Нет сомнения, что переброска войск на Северный фронт, их дислокация, создание Петроградской армии и ее усиление – вызывались безусловно стратегической необходимостью; но, конечно, выбор войск соответствовал и другой цели – создания благоприятных условий на случай крушения центральной власти.
Таким же подсобным средством считались офицерские организации.
В виду полной ненадежности петроградского гарнизона, столичные организации представлялись полезным орудием как для вооруженной борьбы против большевистского восстания, так и на случай падения власти или окончательного уклонения ее на путь, предопределенный соотношением сил в советах, в которых большевистские течения получали явное преобладание.
К 13-му августа в Могилев прибыль командир 3-го конного корпуса, генерал Крымов и в своих руках сосредоточил как непосредственное руководство войсками, прибывающими в петроградский район, так и общее направление деятельностью организаций. Большой патриот, смелый, решительный, не останавливавшийся перед огромным риском, разочарованный в людях еще со времени подготовки мартовского переворота,[35] не любивший делиться своими планами с окружающими и рассчитывавший преимущественно на свои собственные силы, он внес известные индивидуальна особенности во все направление последующей конспиративной деятельности, исходившей из Могилева. Его непоколебимым убеждением было полное отрицание возможности достигнуть благоприятных результатов путем сговора с Керенским и его единомышленниками. В их искренность и в возможность их «обращения» он совершенно не верил; все последующие события подтвердили правильность его точки зрения.

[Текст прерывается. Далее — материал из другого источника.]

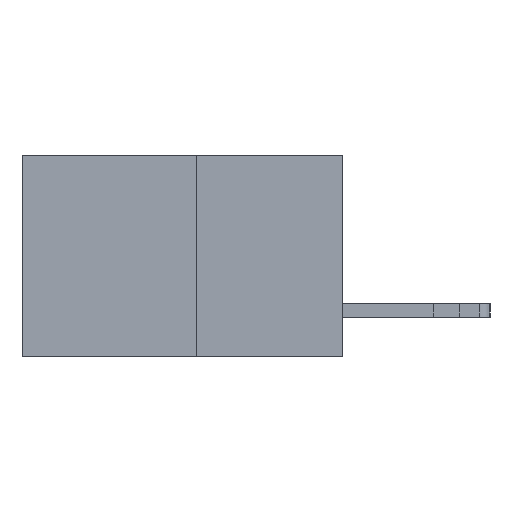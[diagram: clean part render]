
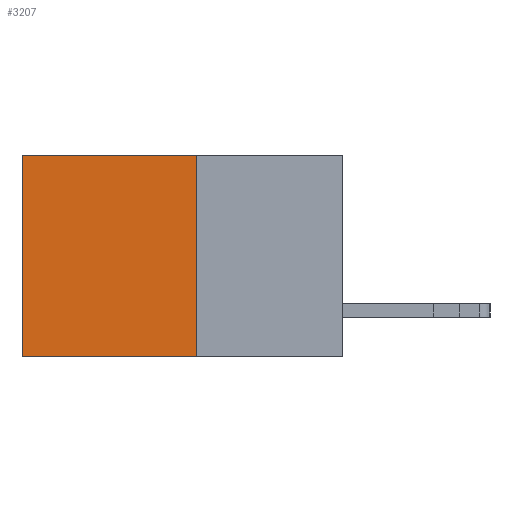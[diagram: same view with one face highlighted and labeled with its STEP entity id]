
A CAD part, left-side view. The second image highlights one B-rep face of the part: STEP entity #3207.
In plain terms, the highlighted planar face has unit normal (-1, 0, 0).
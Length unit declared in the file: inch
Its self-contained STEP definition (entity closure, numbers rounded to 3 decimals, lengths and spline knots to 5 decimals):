
#1359 = LINE ( 'NONE', #20009, #22640 ) ;
#1444 = CARTESIAN_POINT ( 'NONE',  ( 0.277, 0.27, -0.37 ) ) ;
#1718 = DIRECTION ( 'NONE',  ( 1., 0., 0. ) ) ;
#2045 = VERTEX_POINT ( 'NONE', #9154 ) ;
#3207 = ADVANCED_FACE ( 'NONE', ( #18596 ), #13392, .F. ) ;
#3274 = LINE ( 'NONE', #19778, #19196 ) ;
#5709 = EDGE_CURVE ( 'NONE', #14952, #2045, #18128, .T. ) ;
#6383 = LINE ( 'NONE', #17155, #21542 ) ;
#7468 = EDGE_CURVE ( 'NONE', #25480, #7726, #6383, .T. ) ;
#7726 = VERTEX_POINT ( 'NONE', #1444 ) ;
#9154 = CARTESIAN_POINT ( 'NONE',  ( 0.277, 0.59, -0.37 ) ) ;
#9956 = DIRECTION ( 'NONE',  ( 0., 0., -1. ) ) ;
#10381 = CARTESIAN_POINT ( 'NONE',  ( 0.277, 0.59, -0.37 ) ) ;
#11060 = CARTESIAN_POINT ( 'NONE',  ( 0.277, 0.27, -0.37 ) ) ;
#11318 = DIRECTION ( 'NONE',  ( 0., 0., -1. ) ) ;
#11801 = DIRECTION ( 'NONE',  ( 0., 1., 0. ) ) ;
#11990 = VECTOR ( 'NONE', #9956, 39.37008 ) ;
#13392 = PLANE ( 'NONE',  #15000 ) ;
#14215 = ORIENTED_EDGE ( 'NONE', *, *, #18830, .F. ) ;
#14598 = EDGE_LOOP ( 'NONE', ( #21904, #14215, #20413, #18469 ) ) ;
#14952 = VERTEX_POINT ( 'NONE', #20566 ) ;
#15000 = AXIS2_PLACEMENT_3D ( 'NONE', #11060, #1718, #11318 ) ;
#15145 = DIRECTION ( 'NONE',  ( 0., 0., -1. ) ) ;
#17155 = CARTESIAN_POINT ( 'NONE',  ( 0.277, 0.27, -0.37 ) ) ;
#18128 = LINE ( 'NONE', #10381, #11990 ) ;
#18469 = ORIENTED_EDGE ( 'NONE', *, *, #19630, .T. ) ;
#18596 = FACE_OUTER_BOUND ( 'NONE', #14598, .T. ) ;
#18830 = EDGE_CURVE ( 'NONE', #7726, #2045, #3274, .T. ) ;
#19196 = VECTOR ( 'NONE', #21789, 39.37008 ) ;
#19630 = EDGE_CURVE ( 'NONE', #25480, #14952, #1359, .T. ) ;
#19778 = CARTESIAN_POINT ( 'NONE',  ( 0.277, 0.27, -0.37 ) ) ;
#20009 = CARTESIAN_POINT ( 'NONE',  ( 0.277, 0.27, 0. ) ) ;
#20413 = ORIENTED_EDGE ( 'NONE', *, *, #7468, .F. ) ;
#20566 = CARTESIAN_POINT ( 'NONE',  ( 0.277, 0.59, 0. ) ) ;
#21542 = VECTOR ( 'NONE', #15145, 39.37008 ) ;
#21789 = DIRECTION ( 'NONE',  ( 0., 1., 0. ) ) ;
#21904 = ORIENTED_EDGE ( 'NONE', *, *, #5709, .T. ) ;
#22640 = VECTOR ( 'NONE', #11801, 39.37008 ) ;
#24772 = CARTESIAN_POINT ( 'NONE',  ( 0.277, 0.27, 0. ) ) ;
#25480 = VERTEX_POINT ( 'NONE', #24772 ) ;
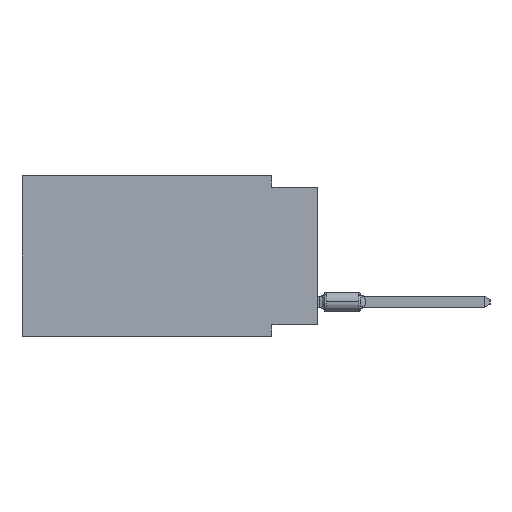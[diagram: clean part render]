
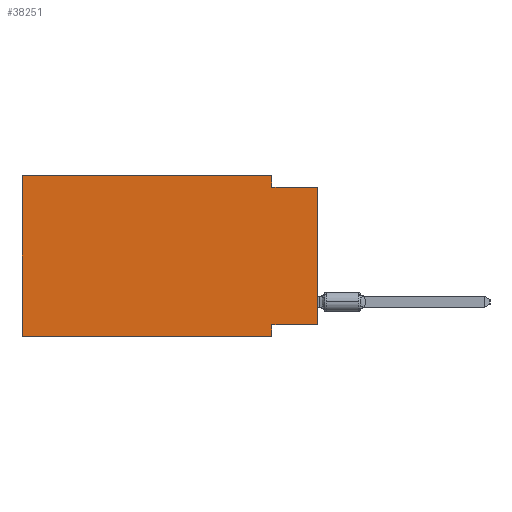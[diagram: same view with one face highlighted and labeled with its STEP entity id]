
A CAD part, left-side view. The second image highlights one B-rep face of the part: STEP entity #38251.
In plain terms, the highlighted planar face has unit normal (-1, 0, 0).
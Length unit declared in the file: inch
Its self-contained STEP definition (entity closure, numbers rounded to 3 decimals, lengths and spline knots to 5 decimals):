
#61 = ORIENTED_EDGE ( 'NONE', *, *, #46014, .F. ) ;
#1635 = EDGE_CURVE ( 'NONE', #64090, #60895, #62683, .T. ) ;
#2868 = VECTOR ( 'NONE', #50676, 39.37008 ) ;
#3747 = ORIENTED_EDGE ( 'NONE', *, *, #33011, .F. ) ;
#3851 = CARTESIAN_POINT ( 'NONE',  ( 0., 0., -0.025 ) ) ;
#4016 = ORIENTED_EDGE ( 'NONE', *, *, #19914, .F. ) ;
#5479 = CARTESIAN_POINT ( 'NONE',  ( 0., 0.1, -0.325 ) ) ;
#6365 = PLANE ( 'NONE',  #36747 ) ;
#6664 = ORIENTED_EDGE ( 'NONE', *, *, #22232, .F. ) ;
#7117 = DIRECTION ( 'NONE',  ( 0., 1., 0. ) ) ;
#7332 = DIRECTION ( 'NONE',  ( 0., 0., -1. ) ) ;
#8229 = CARTESIAN_POINT ( 'NONE',  ( 0., 0.1, -0.025 ) ) ;
#8745 = CARTESIAN_POINT ( 'NONE',  ( 0., 0., 0. ) ) ;
#10016 = DIRECTION ( 'NONE',  ( 0., -1., 0. ) ) ;
#11142 = DIRECTION ( 'NONE',  ( 0., 0., -1. ) ) ;
#11514 = CARTESIAN_POINT ( 'NONE',  ( 0., 0.1, 0. ) ) ;
#11553 = CARTESIAN_POINT ( 'NONE',  ( 0., 0., -0.325 ) ) ;
#12218 = CARTESIAN_POINT ( 'NONE',  ( 0., 0.645, 0. ) ) ;
#13213 = EDGE_CURVE ( 'NONE', #35564, #45084, #18256, .T. ) ;
#14175 = ORIENTED_EDGE ( 'NONE', *, *, #1635, .T. ) ;
#16478 = LINE ( 'NONE', #31867, #26160 ) ;
#16675 = CARTESIAN_POINT ( 'NONE',  ( 0., 0.645, 0. ) ) ;
#18256 = LINE ( 'NONE', #3851, #61606 ) ;
#18586 = VERTEX_POINT ( 'NONE', #5479 ) ;
#19914 = EDGE_CURVE ( 'NONE', #18586, #60895, #16478, .T. ) ;
#22232 = EDGE_CURVE ( 'NONE', #64090, #45526, #64734, .T. ) ;
#23229 = ORIENTED_EDGE ( 'NONE', *, *, #63355, .T. ) ;
#24659 = CARTESIAN_POINT ( 'NONE',  ( 0., 0.645, 0. ) ) ;
#25957 = DIRECTION ( 'NONE',  ( 0., -1., 0. ) ) ;
#26160 = VECTOR ( 'NONE', #11142, 39.37008 ) ;
#27350 = EDGE_LOOP ( 'NONE', ( #23229, #51902, #50761, #3747, #6664, #14175, #4016, #61 ) ) ;
#28746 = VECTOR ( 'NONE', #25957, 39.37008 ) ;
#31867 = CARTESIAN_POINT ( 'NONE',  ( 0., 0.1, -0.35 ) ) ;
#32359 = CARTESIAN_POINT ( 'NONE',  ( 0., 0.645, -0.35 ) ) ;
#33011 = EDGE_CURVE ( 'NONE', #45526, #57142, #54457, .T. ) ;
#35564 = VERTEX_POINT ( 'NONE', #8229 ) ;
#36747 = AXIS2_PLACEMENT_3D ( 'NONE', #16675, #58072, #7332 ) ;
#37090 = FACE_OUTER_BOUND ( 'NONE', #27350, .T. ) ;
#37895 = LINE ( 'NONE', #11514, #64850 ) ;
#38251 = ADVANCED_FACE ( 'NONE', ( #37090 ), #6365, .F. ) ;
#39948 = DIRECTION ( 'NONE',  ( 0., -1., 0. ) ) ;
#42894 = LINE ( 'NONE', #52565, #50215 ) ;
#45084 = VERTEX_POINT ( 'NONE', #51345 ) ;
#45526 = VERTEX_POINT ( 'NONE', #12218 ) ;
#46014 = EDGE_CURVE ( 'NONE', #61524, #18586, #42894, .T. ) ;
#49954 = VECTOR ( 'NONE', #10016, 39.37008 ) ;
#50215 = VECTOR ( 'NONE', #7117, 39.37008 ) ;
#50676 = DIRECTION ( 'NONE',  ( 0., 0., 1. ) ) ;
#50761 = ORIENTED_EDGE ( 'NONE', *, *, #56344, .F. ) ;
#51345 = CARTESIAN_POINT ( 'NONE',  ( 0., 0., -0.025 ) ) ;
#51902 = ORIENTED_EDGE ( 'NONE', *, *, #13213, .F. ) ;
#52565 = CARTESIAN_POINT ( 'NONE',  ( 0., 0., -0.325 ) ) ;
#54457 = LINE ( 'NONE', #64819, #49954 ) ;
#55147 = CARTESIAN_POINT ( 'NONE',  ( 0., 0.1, -0.35 ) ) ;
#55153 = DIRECTION ( 'NONE',  ( 0., 0., 1. ) ) ;
#56344 = EDGE_CURVE ( 'NONE', #57142, #35564, #37895, .T. ) ;
#57142 = VERTEX_POINT ( 'NONE', #64422 ) ;
#58072 = DIRECTION ( 'NONE',  ( 1., 0., 0. ) ) ;
#58228 = DIRECTION ( 'NONE',  ( 0., 0., -1. ) ) ;
#60895 = VERTEX_POINT ( 'NONE', #55147 ) ;
#61524 = VERTEX_POINT ( 'NONE', #11553 ) ;
#61606 = VECTOR ( 'NONE', #39948, 39.37008 ) ;
#62034 = CARTESIAN_POINT ( 'NONE',  ( 0., 0.645, -0.35 ) ) ;
#62683 = LINE ( 'NONE', #62034, #28746 ) ;
#63355 = EDGE_CURVE ( 'NONE', #61524, #45084, #65857, .T. ) ;
#64090 = VERTEX_POINT ( 'NONE', #32359 ) ;
#64310 = VECTOR ( 'NONE', #55153, 39.37008 ) ;
#64422 = CARTESIAN_POINT ( 'NONE',  ( 0., 0.1, 0. ) ) ;
#64734 = LINE ( 'NONE', #24659, #2868 ) ;
#64819 = CARTESIAN_POINT ( 'NONE',  ( 0., 0.645, 0. ) ) ;
#64850 = VECTOR ( 'NONE', #58228, 39.37008 ) ;
#65857 = LINE ( 'NONE', #8745, #64310 ) ;
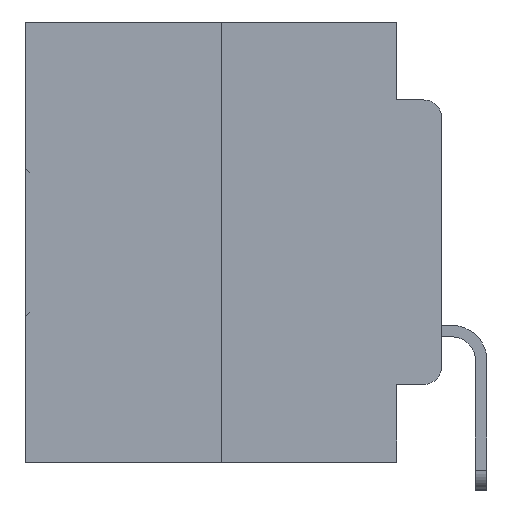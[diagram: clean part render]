
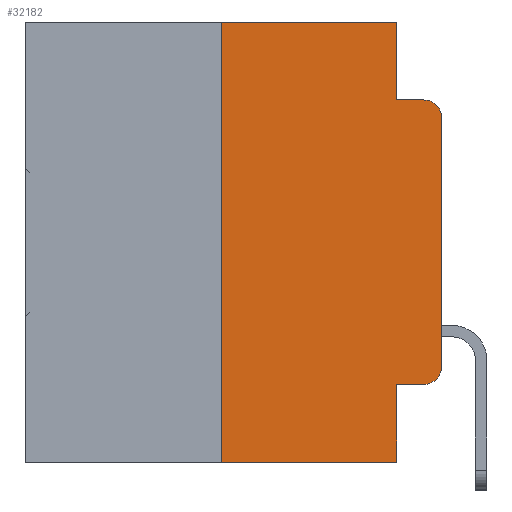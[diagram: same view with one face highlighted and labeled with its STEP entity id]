
A CAD part, left-side view. The second image highlights one B-rep face of the part: STEP entity #32182.
In plain terms, the highlighted planar face has unit normal (-1, 0, 0).
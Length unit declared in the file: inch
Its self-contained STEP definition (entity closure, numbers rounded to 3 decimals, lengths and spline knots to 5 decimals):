
#73 = ORIENTED_EDGE ( 'NONE', *, *, #26438, .T. ) ;
#841 = CARTESIAN_POINT ( 'NONE',  ( 0., 0.02, -0.1085 ) ) ;
#1352 = CARTESIAN_POINT ( 'NONE',  ( 0., 0.051, -0.0885 ) ) ;
#1520 = CARTESIAN_POINT ( 'NONE',  ( 0., 0.25, -0.5 ) ) ;
#2401 = EDGE_LOOP ( 'NONE', ( #29643, #13379, #12935, #29052, #20145, #23115, #20183, #10546, #73, #19676 ) ) ;
#2532 = VECTOR ( 'NONE', #30332, 39.37008 ) ;
#2646 = CARTESIAN_POINT ( 'NONE',  ( 0., 0.051, -0.4115 ) ) ;
#3141 = PLANE ( 'NONE',  #23677 ) ;
#3457 = CARTESIAN_POINT ( 'NONE',  ( 0., 0.02, -0.3915 ) ) ;
#3591 = DIRECTION ( 'NONE',  ( 0., 0., -1. ) ) ;
#4278 = LINE ( 'NONE', #24653, #24590 ) ;
#4590 = VERTEX_POINT ( 'NONE', #2646 ) ;
#4748 = VERTEX_POINT ( 'NONE', #23803 ) ;
#5085 = CARTESIAN_POINT ( 'NONE',  ( 0., 0.02, -0.4115 ) ) ;
#5882 = DIRECTION ( 'NONE',  ( 1., 0., 0. ) ) ;
#6220 = DIRECTION ( 'NONE',  ( 0., 0., -1. ) ) ;
#7066 = DIRECTION ( 'NONE',  ( 0., 0., 1. ) ) ;
#8872 = LINE ( 'NONE', #13274, #2532 ) ;
#9048 = CARTESIAN_POINT ( 'NONE',  ( 0., 0.051, -0.0885 ) ) ;
#10546 = ORIENTED_EDGE ( 'NONE', *, *, #29625, .F. ) ;
#10739 = CARTESIAN_POINT ( 'NONE',  ( 0., 0.473, 0. ) ) ;
#10980 = CARTESIAN_POINT ( 'NONE',  ( 0., 0.473, 0. ) ) ;
#12229 = LINE ( 'NONE', #9048, #30953 ) ;
#12517 = EDGE_CURVE ( 'NONE', #25434, #4748, #8872, .T. ) ;
#12883 = CARTESIAN_POINT ( 'NONE',  ( 0., 0.051, 0. ) ) ;
#12935 = ORIENTED_EDGE ( 'NONE', *, *, #24491, .F. ) ;
#13165 = VECTOR ( 'NONE', #15472, 39.37008 ) ;
#13274 = CARTESIAN_POINT ( 'NONE',  ( 0., 0.473, -0.5 ) ) ;
#13307 = DIRECTION ( 'NONE',  ( 0., -1., 0. ) ) ;
#13321 = VECTOR ( 'NONE', #24607, 39.37008 ) ;
#13379 = ORIENTED_EDGE ( 'NONE', *, *, #27659, .T. ) ;
#15472 = DIRECTION ( 'NONE',  ( 0., 0., -1. ) ) ;
#15848 = LINE ( 'NONE', #21781, #21657 ) ;
#16490 = EDGE_CURVE ( 'NONE', #16714, #26727, #17519, .T. ) ;
#16679 = EDGE_CURVE ( 'NONE', #19935, #27317, #20766, .T. ) ;
#16714 = VERTEX_POINT ( 'NONE', #23911 ) ;
#16745 = VECTOR ( 'NONE', #13307, 39.37008 ) ;
#16906 = DIRECTION ( 'NONE',  ( 0., 0., -1. ) ) ;
#17519 = LINE ( 'NONE', #10739, #16745 ) ;
#17738 = VECTOR ( 'NONE', #21330, 39.37008 ) ;
#17948 = AXIS2_PLACEMENT_3D ( 'NONE', #3457, #21507, #6220 ) ;
#19166 = DIRECTION ( 'NONE',  ( -1., 0., 0. ) ) ;
#19676 = ORIENTED_EDGE ( 'NONE', *, *, #16679, .T. ) ;
#19935 = VERTEX_POINT ( 'NONE', #5085 ) ;
#20101 = FACE_OUTER_BOUND ( 'NONE', #2401, .T. ) ;
#20145 = ORIENTED_EDGE ( 'NONE', *, *, #16490, .F. ) ;
#20183 = ORIENTED_EDGE ( 'NONE', *, *, #12517, .T. ) ;
#20766 = CIRCLE ( 'NONE', #17948, 0.02 ) ;
#20836 = CARTESIAN_POINT ( 'NONE',  ( 0., 0.051, 0. ) ) ;
#21330 = DIRECTION ( 'NONE',  ( 0., 0., 1. ) ) ;
#21467 = VERTEX_POINT ( 'NONE', #25199 ) ;
#21507 = DIRECTION ( 'NONE',  ( -1., 0., 0. ) ) ;
#21657 = VECTOR ( 'NONE', #16906, 39.37008 ) ;
#21781 = CARTESIAN_POINT ( 'NONE',  ( 0., 0.051, 0. ) ) ;
#22216 = CARTESIAN_POINT ( 'NONE',  ( 0., 0.051, -0.4115 ) ) ;
#23115 = ORIENTED_EDGE ( 'NONE', *, *, #32247, .F. ) ;
#23233 = AXIS2_PLACEMENT_3D ( 'NONE', #841, #19166, #3591 ) ;
#23610 = DIRECTION ( 'NONE',  ( 0., 0., -1. ) ) ;
#23677 = AXIS2_PLACEMENT_3D ( 'NONE', #10980, #5882, #23610 ) ;
#23803 = CARTESIAN_POINT ( 'NONE',  ( 0., 0.051, -0.5 ) ) ;
#23911 = CARTESIAN_POINT ( 'NONE',  ( 0., 0.25, 0. ) ) ;
#24491 = EDGE_CURVE ( 'NONE', #29371, #21467, #12229, .T. ) ;
#24590 = VECTOR ( 'NONE', #7066, 39.37008 ) ;
#24607 = DIRECTION ( 'NONE',  ( 0., -1., 0. ) ) ;
#24653 = CARTESIAN_POINT ( 'NONE',  ( 0., 0., 0. ) ) ;
#25199 = CARTESIAN_POINT ( 'NONE',  ( 0., 0.02, -0.0885 ) ) ;
#25434 = VERTEX_POINT ( 'NONE', #1520 ) ;
#26421 = DIRECTION ( 'NONE',  ( 0., -1., 0. ) ) ;
#26438 = EDGE_CURVE ( 'NONE', #4590, #19935, #32742, .T. ) ;
#26727 = VERTEX_POINT ( 'NONE', #20836 ) ;
#27317 = VERTEX_POINT ( 'NONE', #27569 ) ;
#27569 = CARTESIAN_POINT ( 'NONE',  ( 0., 0., -0.3915 ) ) ;
#27659 = EDGE_CURVE ( 'NONE', #31150, #21467, #31533, .T. ) ;
#28582 = CARTESIAN_POINT ( 'NONE',  ( 0., 0.25, 0. ) ) ;
#29052 = ORIENTED_EDGE ( 'NONE', *, *, #31648, .F. ) ;
#29371 = VERTEX_POINT ( 'NONE', #1352 ) ;
#29625 = EDGE_CURVE ( 'NONE', #4590, #4748, #32610, .T. ) ;
#29643 = ORIENTED_EDGE ( 'NONE', *, *, #32491, .T. ) ;
#30332 = DIRECTION ( 'NONE',  ( 0., -1., 0. ) ) ;
#30537 = LINE ( 'NONE', #28582, #17738 ) ;
#30953 = VECTOR ( 'NONE', #26421, 39.37008 ) ;
#31150 = VERTEX_POINT ( 'NONE', #31482 ) ;
#31482 = CARTESIAN_POINT ( 'NONE',  ( 0., 0., -0.1085 ) ) ;
#31533 = CIRCLE ( 'NONE', #23233, 0.02 ) ;
#31648 = EDGE_CURVE ( 'NONE', #26727, #29371, #15848, .T. ) ;
#32182 = ADVANCED_FACE ( 'NONE', ( #20101 ), #3141, .F. ) ;
#32247 = EDGE_CURVE ( 'NONE', #25434, #16714, #30537, .T. ) ;
#32491 = EDGE_CURVE ( 'NONE', #27317, #31150, #4278, .T. ) ;
#32610 = LINE ( 'NONE', #12883, #13165 ) ;
#32742 = LINE ( 'NONE', #22216, #13321 ) ;

По-видимому, политическая сторона вопроса Крымова, как и Корнилова, не слишком интересовала. Если раньше, когда верховное восглавление находилось в руках оппортуниста – Брусилова, Крымов делал попытку организовать вокруг себя военный центр в Киевском округе, то теперь, подчиняясь широким общественным настроениям, единодушно называвшим имя Корнилова, он предоставил себя в полное его распоряжение. Крымов добровольно стал орудием, «мечом» корниловского движения; но орудием сознательным, быть может направлявшим иногда… руку, его поднявшую. «Меч» хотел разить, утратив веру в целебность напрасных словопрений, и, исходя из взгляда, что страна подходить к роковому пределу и что поэтому приемлемо всякое, самое рискованное средство… «Рука» разделяла всецело эти взгляды, но, придавленная огромной тяжестью нравственной ответственности перед страной и армией, несколько колебалась. Только это побуждений сдерживало Корнилова, потому что о себе, о своей голове, он не раздумывал ни одной минуты.